This article explores how ESG can be repositioned as a strategic lever, not a regulatory burden, and why funds that embed it into their portfolios stand to outperform those that don’t.

How resilience can be the real ROI

  • The challenge: Companies built only for short-term returns often falter when crises hit, whether it’s climate risk, regulatory change, or reputational scandals.
  • The ESG advantage: Strong environmental, social, and governance practices make businesses more resilient to shocks.
    • Environmental: Lower energy intensity reduces exposure to volatile fuel costs.
    • Social: Fair labor practices and engaged workforces reduce disruption during downturns.
    • Governance: Transparent structures reduce risk of fraud, litigation, or regulatory fines.
  • Example: Apple has developed “Daisy,” a recycling robot that can disassemble old iPhones to recover cobalt, rare earths, and other critical minerals. By building closed-loop recycling into its operations, Apple reduces dependence on volatile global mining supply chains. This ESG-driven innovation not only cuts waste but also secures access to scarce resources making Apple more resilient to commodity shocks and geopolitical risks.
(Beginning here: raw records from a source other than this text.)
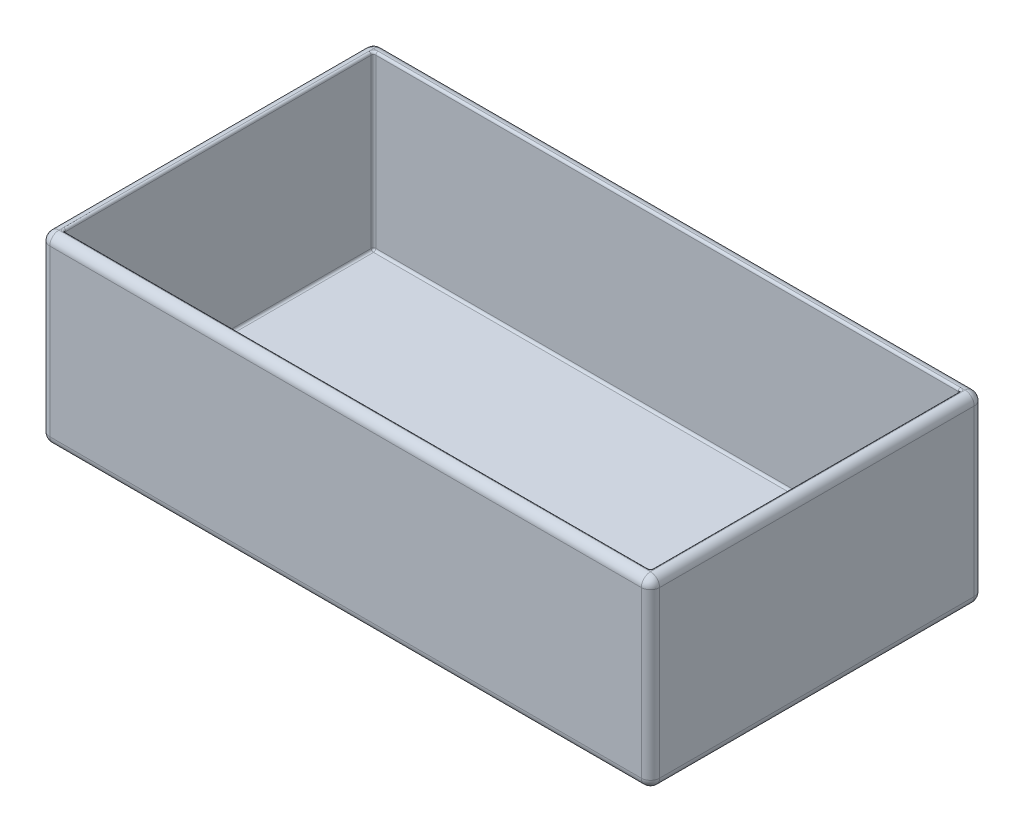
ISO-10303-21;
HEADER;
FILE_DESCRIPTION(('STEP AP214'),'2;1');
FILE_NAME('part.step','',(''),(''),'','','');
FILE_SCHEMA(('AUTOMOTIVE_DESIGN { 1 0 10303 214 1 1 1 1 }'));
ENDSEC;
DATA;
#1=APPLICATION_CONTEXT('core data for automotive mechanical design processes');
#2=APPLICATION_PROTOCOL_DEFINITION('international standard','automotive_design',2000,#1);
#3=PRODUCT_CONTEXT('',#1,'mechanical');
#4=PRODUCT('Part','Part','',(#3));
#5=PRODUCT_RELATED_PRODUCT_CATEGORY('part','',(#4));
#6=PRODUCT_DEFINITION_FORMATION('','',#4);
#7=PRODUCT_DEFINITION_CONTEXT('part definition',#1,'design');
#8=PRODUCT_DEFINITION('design','',#6,#7);
#9=PRODUCT_DEFINITION_SHAPE('','',#8);
#10=(LENGTH_UNIT() NAMED_UNIT(*) SI_UNIT(.MILLI.,.METRE.));
#11=(NAMED_UNIT(*) PLANE_ANGLE_UNIT() SI_UNIT($,.RADIAN.));
#12=(NAMED_UNIT(*) SI_UNIT($,.STERADIAN.) SOLID_ANGLE_UNIT());
#13=UNCERTAINTY_MEASURE_WITH_UNIT(LENGTH_MEASURE(1.E-05),#10,'distance_accuracy_value','');
#14=(GEOMETRIC_REPRESENTATION_CONTEXT(3) GLOBAL_UNCERTAINTY_ASSIGNED_CONTEXT((#13)) GLOBAL_UNIT_ASSIGNED_CONTEXT((#10,
#11,#12)) REPRESENTATION_CONTEXT('',''));
#15=CARTESIAN_POINT('',(0.,0.,0.));
#16=DIRECTION('',(0.,0.,1.));
#17=DIRECTION('',(1.,0.,0.));
#18=AXIS2_PLACEMENT_3D('',#15,#16,#17);
#19=CARTESIAN_POINT('',(0.,101.6,0.));
#20=DIRECTION('',(0.,1.,0.));
#21=DIRECTION('',(0.,0.,1.));
#22=AXIS2_PLACEMENT_3D('',#19,#20,#21);
#23=PLANE('',#22);
#24=CARTESIAN_POINT('',(-161.29,101.6,84.582));
#25=DIRECTION('',(0.,1.,0.));
#26=DIRECTION('',(0.,0.,1.));
#27=AXIS2_PLACEMENT_3D('',#24,#25,#26);
#28=CIRCLE('',#27,2.54);
#29=CARTESIAN_POINT('',(-163.83,101.6,84.582));
#30=VERTEX_POINT('',#29);
#31=CARTESIAN_POINT('',(-161.29,101.6,87.122));
#32=VERTEX_POINT('',#31);
#33=EDGE_CURVE('E290',#30,#32,#28,.T.);
#34=ORIENTED_EDGE('',*,*,#33,.F.);
#35=DIRECTION('',(0.,0.,1.));
#36=VECTOR('',#35,1.);
#37=CARTESIAN_POINT('',(-163.83,101.6,92.202));
#38=LINE('',#37,#36);
#39=CARTESIAN_POINT('',(-163.83,101.6,87.122));
#40=VERTEX_POINT('',#39);
#41=EDGE_CURVE('E252',#30,#40,#38,.T.);
#42=ORIENTED_EDGE('',*,*,#41,.T.);
#43=DIRECTION('',(1.,0.,0.));
#44=VECTOR('',#43,1.);
#45=CARTESIAN_POINT('',(168.91,101.6,87.122));
#46=LINE('',#45,#44);
#47=EDGE_CURVE('E255',#40,#32,#46,.T.);
#48=ORIENTED_EDGE('',*,*,#47,.T.);
#49=EDGE_LOOP('',(#34,#42,#48));
#50=FACE_BOUND('',#49,.T.);
#51=ADVANCED_FACE('F39',(#50),#23,.T.);
#52=CARTESIAN_POINT('',(161.29,101.6,84.582));
#53=DIRECTION('',(0.,1.,0.));
#54=DIRECTION('',(0.,0.,1.));
#55=AXIS2_PLACEMENT_3D('',#52,#53,#54);
#56=CIRCLE('',#55,2.54);
#57=CARTESIAN_POINT('',(161.29,101.6,87.122));
#58=VERTEX_POINT('',#57);
#59=CARTESIAN_POINT('',(163.83,101.6,84.582));
#60=VERTEX_POINT('',#59);
#61=EDGE_CURVE('E287',#58,#60,#56,.T.);
#62=ORIENTED_EDGE('',*,*,#61,.F.);
#63=CARTESIAN_POINT('',(163.83,101.6,87.122));
#64=VERTEX_POINT('',#63);
#65=EDGE_CURVE('E250',#58,#64,#46,.T.);
#66=ORIENTED_EDGE('',*,*,#65,.T.);
#67=DIRECTION('',(0.,0.,-1.));
#68=VECTOR('',#67,1.);
#69=CARTESIAN_POINT('',(163.83,101.6,-92.202));
#70=LINE('',#69,#68);
#71=EDGE_CURVE('E222',#64,#60,#70,.T.);
#72=ORIENTED_EDGE('',*,*,#71,.T.);
#73=EDGE_LOOP('',(#62,#66,#72));
#74=FACE_BOUND('',#73,.T.);
#75=ADVANCED_FACE('F624',(#74),#23,.T.);
#76=CARTESIAN_POINT('',(161.29,101.6,-84.582));
#77=DIRECTION('',(0.,1.,0.));
#78=DIRECTION('',(0.,0.,1.));
#79=AXIS2_PLACEMENT_3D('',#76,#77,#78);
#80=CIRCLE('',#79,2.54);
#81=CARTESIAN_POINT('',(163.83,101.6,-84.582));
#82=VERTEX_POINT('',#81);
#83=CARTESIAN_POINT('',(161.29,101.6,-87.122));
#84=VERTEX_POINT('',#83);
#85=EDGE_CURVE('E284',#82,#84,#80,.T.);
#86=ORIENTED_EDGE('',*,*,#85,.F.);
#87=CARTESIAN_POINT('',(163.83,101.6,-87.122));
#88=VERTEX_POINT('',#87);
#89=EDGE_CURVE('E645',#82,#88,#70,.T.);
#90=ORIENTED_EDGE('',*,*,#89,.T.);
#91=DIRECTION('',(-1.,0.,0.));
#92=VECTOR('',#91,1.);
#93=CARTESIAN_POINT('',(-168.91,101.6,-87.122));
#94=LINE('',#93,#92);
#95=EDGE_CURVE('E224',#88,#84,#94,.T.);
#96=ORIENTED_EDGE('',*,*,#95,.T.);
#97=EDGE_LOOP('',(#86,#90,#96));
#98=FACE_BOUND('',#97,.T.);
#99=ADVANCED_FACE('F630',(#98),#23,.T.);
#100=CARTESIAN_POINT('',(-161.29,101.6,-84.582));
#101=DIRECTION('',(0.,1.,0.));
#102=DIRECTION('',(0.,0.,1.));
#103=AXIS2_PLACEMENT_3D('',#100,#101,#102);
#104=CIRCLE('',#103,2.54);
#105=CARTESIAN_POINT('',(-161.29,101.6,-87.122));
#106=VERTEX_POINT('',#105);
#107=CARTESIAN_POINT('',(-163.83,101.6,-84.582));
#108=VERTEX_POINT('',#107);
#109=EDGE_CURVE('E218',#106,#108,#104,.T.);
#110=ORIENTED_EDGE('',*,*,#109,.F.);
#111=CARTESIAN_POINT('',(-163.83,101.6,-87.122));
#112=VERTEX_POINT('',#111);
#113=EDGE_CURVE('E212',#106,#112,#94,.T.);
#114=ORIENTED_EDGE('',*,*,#113,.T.);
#115=EDGE_CURVE('E216',#112,#108,#38,.T.);
#116=ORIENTED_EDGE('',*,*,#115,.T.);
#117=EDGE_LOOP('',(#110,#114,#116));
#118=FACE_BOUND('',#117,.T.);
#119=ADVANCED_FACE('F214',(#118),#23,.T.);
#120=CARTESIAN_POINT('',(168.91,101.6,-92.202));
#121=DIRECTION('',(-1.,0.,0.));
#122=DIRECTION('',(0.,0.,1.));
#123=AXIS2_PLACEMENT_3D('',#120,#121,#122);
#124=PLANE('',#123);
#125=DIRECTION('',(0.,-1.,0.));
#126=VECTOR('',#125,1.);
#127=CARTESIAN_POINT('',(168.91,101.6,-87.122));
#128=LINE('',#127,#126);
#129=CARTESIAN_POINT('',(168.91,5.08,-87.122));
#130=VERTEX_POINT('',#129);
#131=CARTESIAN_POINT('',(168.91,96.52,-87.122));
#132=VERTEX_POINT('',#131);
#133=EDGE_CURVE('E474',#130,#132,#128,.F.);
#134=ORIENTED_EDGE('',*,*,#133,.T.);
#135=DIRECTION('',(0.,0.,-1.));
#136=VECTOR('',#135,1.);
#137=CARTESIAN_POINT('',(168.91,96.52,92.202));
#138=LINE('',#137,#136);
#139=CARTESIAN_POINT('',(168.91,96.52,87.122));
#140=VERTEX_POINT('',#139);
#141=EDGE_CURVE('E476',#132,#140,#138,.F.);
#142=ORIENTED_EDGE('',*,*,#141,.T.);
#143=DIRECTION('',(0.,-1.,0.));
#144=VECTOR('',#143,1.);
#145=CARTESIAN_POINT('',(168.91,101.6,87.122));
#146=LINE('',#145,#144);
#147=CARTESIAN_POINT('',(168.91,5.08,87.122));
#148=VERTEX_POINT('',#147);
#149=EDGE_CURVE('E470',#140,#148,#146,.T.);
#150=ORIENTED_EDGE('',*,*,#149,.T.);
#151=DIRECTION('',(0.,0.,-1.));
#152=VECTOR('',#151,1.);
#153=CARTESIAN_POINT('',(168.91,5.08,-92.202));
#154=LINE('',#153,#152);
#155=EDGE_CURVE('E472',#148,#130,#154,.T.);
#156=ORIENTED_EDGE('',*,*,#155,.T.);
#157=EDGE_LOOP('',(#134,#142,#150,#156));
#158=FACE_BOUND('',#157,.T.);
#159=ADVANCED_FACE('F603',(#158),#124,.F.);
#160=CARTESIAN_POINT('',(-168.91,101.6,-92.202));
#161=DIRECTION('',(0.,0.,1.));
#162=DIRECTION('',(1.,0.,0.));
#163=AXIS2_PLACEMENT_3D('',#160,#161,#162);
#164=PLANE('',#163);
#165=DIRECTION('',(-1.,0.,0.));
#166=VECTOR('',#165,1.);
#167=CARTESIAN_POINT('',(168.91,96.52,-92.202));
#168=LINE('',#167,#166);
#169=CARTESIAN_POINT('',(-163.83,96.52,-92.202));
#170=VERTEX_POINT('',#169);
#171=CARTESIAN_POINT('',(163.83,96.52,-92.202));
#172=VERTEX_POINT('',#171);
#173=EDGE_CURVE('E231',#170,#172,#168,.F.);
#174=ORIENTED_EDGE('',*,*,#173,.T.);
#175=DIRECTION('',(0.,-1.,0.));
#176=VECTOR('',#175,1.);
#177=CARTESIAN_POINT('',(163.83,101.6,-92.202));
#178=LINE('',#177,#176);
#179=CARTESIAN_POINT('',(163.83,5.08,-92.202));
#180=VERTEX_POINT('',#179);
#181=EDGE_CURVE('E459',#172,#180,#178,.T.);
#182=ORIENTED_EDGE('',*,*,#181,.T.);
#183=DIRECTION('',(-1.,0.,0.));
#184=VECTOR('',#183,1.);
#185=CARTESIAN_POINT('',(-168.91,5.08,-92.202));
#186=LINE('',#185,#184);
#187=CARTESIAN_POINT('',(-163.83,5.08,-92.202));
#188=VERTEX_POINT('',#187);
#189=EDGE_CURVE('E456',#180,#188,#186,.T.);
#190=ORIENTED_EDGE('',*,*,#189,.T.);
#191=DIRECTION('',(0.,-1.,0.));
#192=VECTOR('',#191,1.);
#193=CARTESIAN_POINT('',(-163.83,101.6,-92.202));
#194=LINE('',#193,#192);
#195=EDGE_CURVE('E452',#188,#170,#194,.F.);
#196=ORIENTED_EDGE('',*,*,#195,.T.);
#197=EDGE_LOOP('',(#174,#182,#190,#196));
#198=FACE_BOUND('',#197,.T.);
#199=ADVANCED_FACE('F640',(#198),#164,.F.);
#200=CARTESIAN_POINT('',(-168.91,101.6,-92.202));
#201=DIRECTION('',(1.,0.,0.));
#202=DIRECTION('',(0.,0.,-1.));
#203=AXIS2_PLACEMENT_3D('',#200,#201,#202);
#204=PLANE('',#203);
#205=DIRECTION('',(0.,0.,1.));
#206=VECTOR('',#205,1.);
#207=CARTESIAN_POINT('',(-168.91,96.52,-92.202));
#208=LINE('',#207,#206);
#209=CARTESIAN_POINT('',(-168.91,96.52,87.122));
#210=VERTEX_POINT('',#209);
#211=CARTESIAN_POINT('',(-168.91,96.52,-87.122));
#212=VERTEX_POINT('',#211);
#213=EDGE_CURVE('E492',#210,#212,#208,.F.);
#214=ORIENTED_EDGE('',*,*,#213,.T.);
#215=DIRECTION('',(0.,-1.,0.));
#216=VECTOR('',#215,1.);
#217=CARTESIAN_POINT('',(-168.91,101.6,-87.122));
#218=LINE('',#217,#216);
#219=CARTESIAN_POINT('',(-168.91,5.08,-87.122));
#220=VERTEX_POINT('',#219);
#221=EDGE_CURVE('E276',#212,#220,#218,.T.);
#222=ORIENTED_EDGE('',*,*,#221,.T.);
#223=DIRECTION('',(0.,0.,1.));
#224=VECTOR('',#223,1.);
#225=CARTESIAN_POINT('',(-168.91,5.08,-92.202));
#226=LINE('',#225,#224);
#227=CARTESIAN_POINT('',(-168.91,5.08,87.122));
#228=VERTEX_POINT('',#227);
#229=EDGE_CURVE('E488',#220,#228,#226,.T.);
#230=ORIENTED_EDGE('',*,*,#229,.T.);
#231=DIRECTION('',(0.,-1.,0.));
#232=VECTOR('',#231,1.);
#233=CARTESIAN_POINT('',(-168.91,101.6,87.122));
#234=LINE('',#233,#232);
#235=EDGE_CURVE('E490',#228,#210,#234,.F.);
#236=ORIENTED_EDGE('',*,*,#235,.T.);
#237=EDGE_LOOP('',(#214,#222,#230,#236));
#238=FACE_BOUND('',#237,.T.);
#239=ADVANCED_FACE('F687',(#238),#204,.F.);
#240=CARTESIAN_POINT('',(-168.91,101.6,92.202));
#241=DIRECTION('',(0.,0.,-1.));
#242=DIRECTION('',(-1.,0.,0.));
#243=AXIS2_PLACEMENT_3D('',#240,#241,#242);
#244=PLANE('',#243);
#245=DIRECTION('',(0.,-1.,0.));
#246=VECTOR('',#245,1.);
#247=CARTESIAN_POINT('',(163.83,101.6,92.202));
#248=LINE('',#247,#246);
#249=CARTESIAN_POINT('',(163.83,5.08,92.202));
#250=VERTEX_POINT('',#249);
#251=CARTESIAN_POINT('',(163.83,96.52,92.202));
#252=VERTEX_POINT('',#251);
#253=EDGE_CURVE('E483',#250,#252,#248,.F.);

For funds, the lesson is clear: companies that embed ESG into operations build supply chain resilience and protect long-term value.

Why trust is the new capital

  • The shift: Stakeholders; LPs, customers, employees, regulators now demand responsibility and transparency.
  • The ESG advantage:
    • LPs increasingly require Article 8+ or 9 classification.
    • Customers gravitate to brands aligned with their values (e.g., ethical sourcing, data security).
    • Employees, especially younger talent, prefer employers with clear purpose and ESG alignment.
    • Regulators reward proactive ESG with smoother approvals and reduced scrutiny.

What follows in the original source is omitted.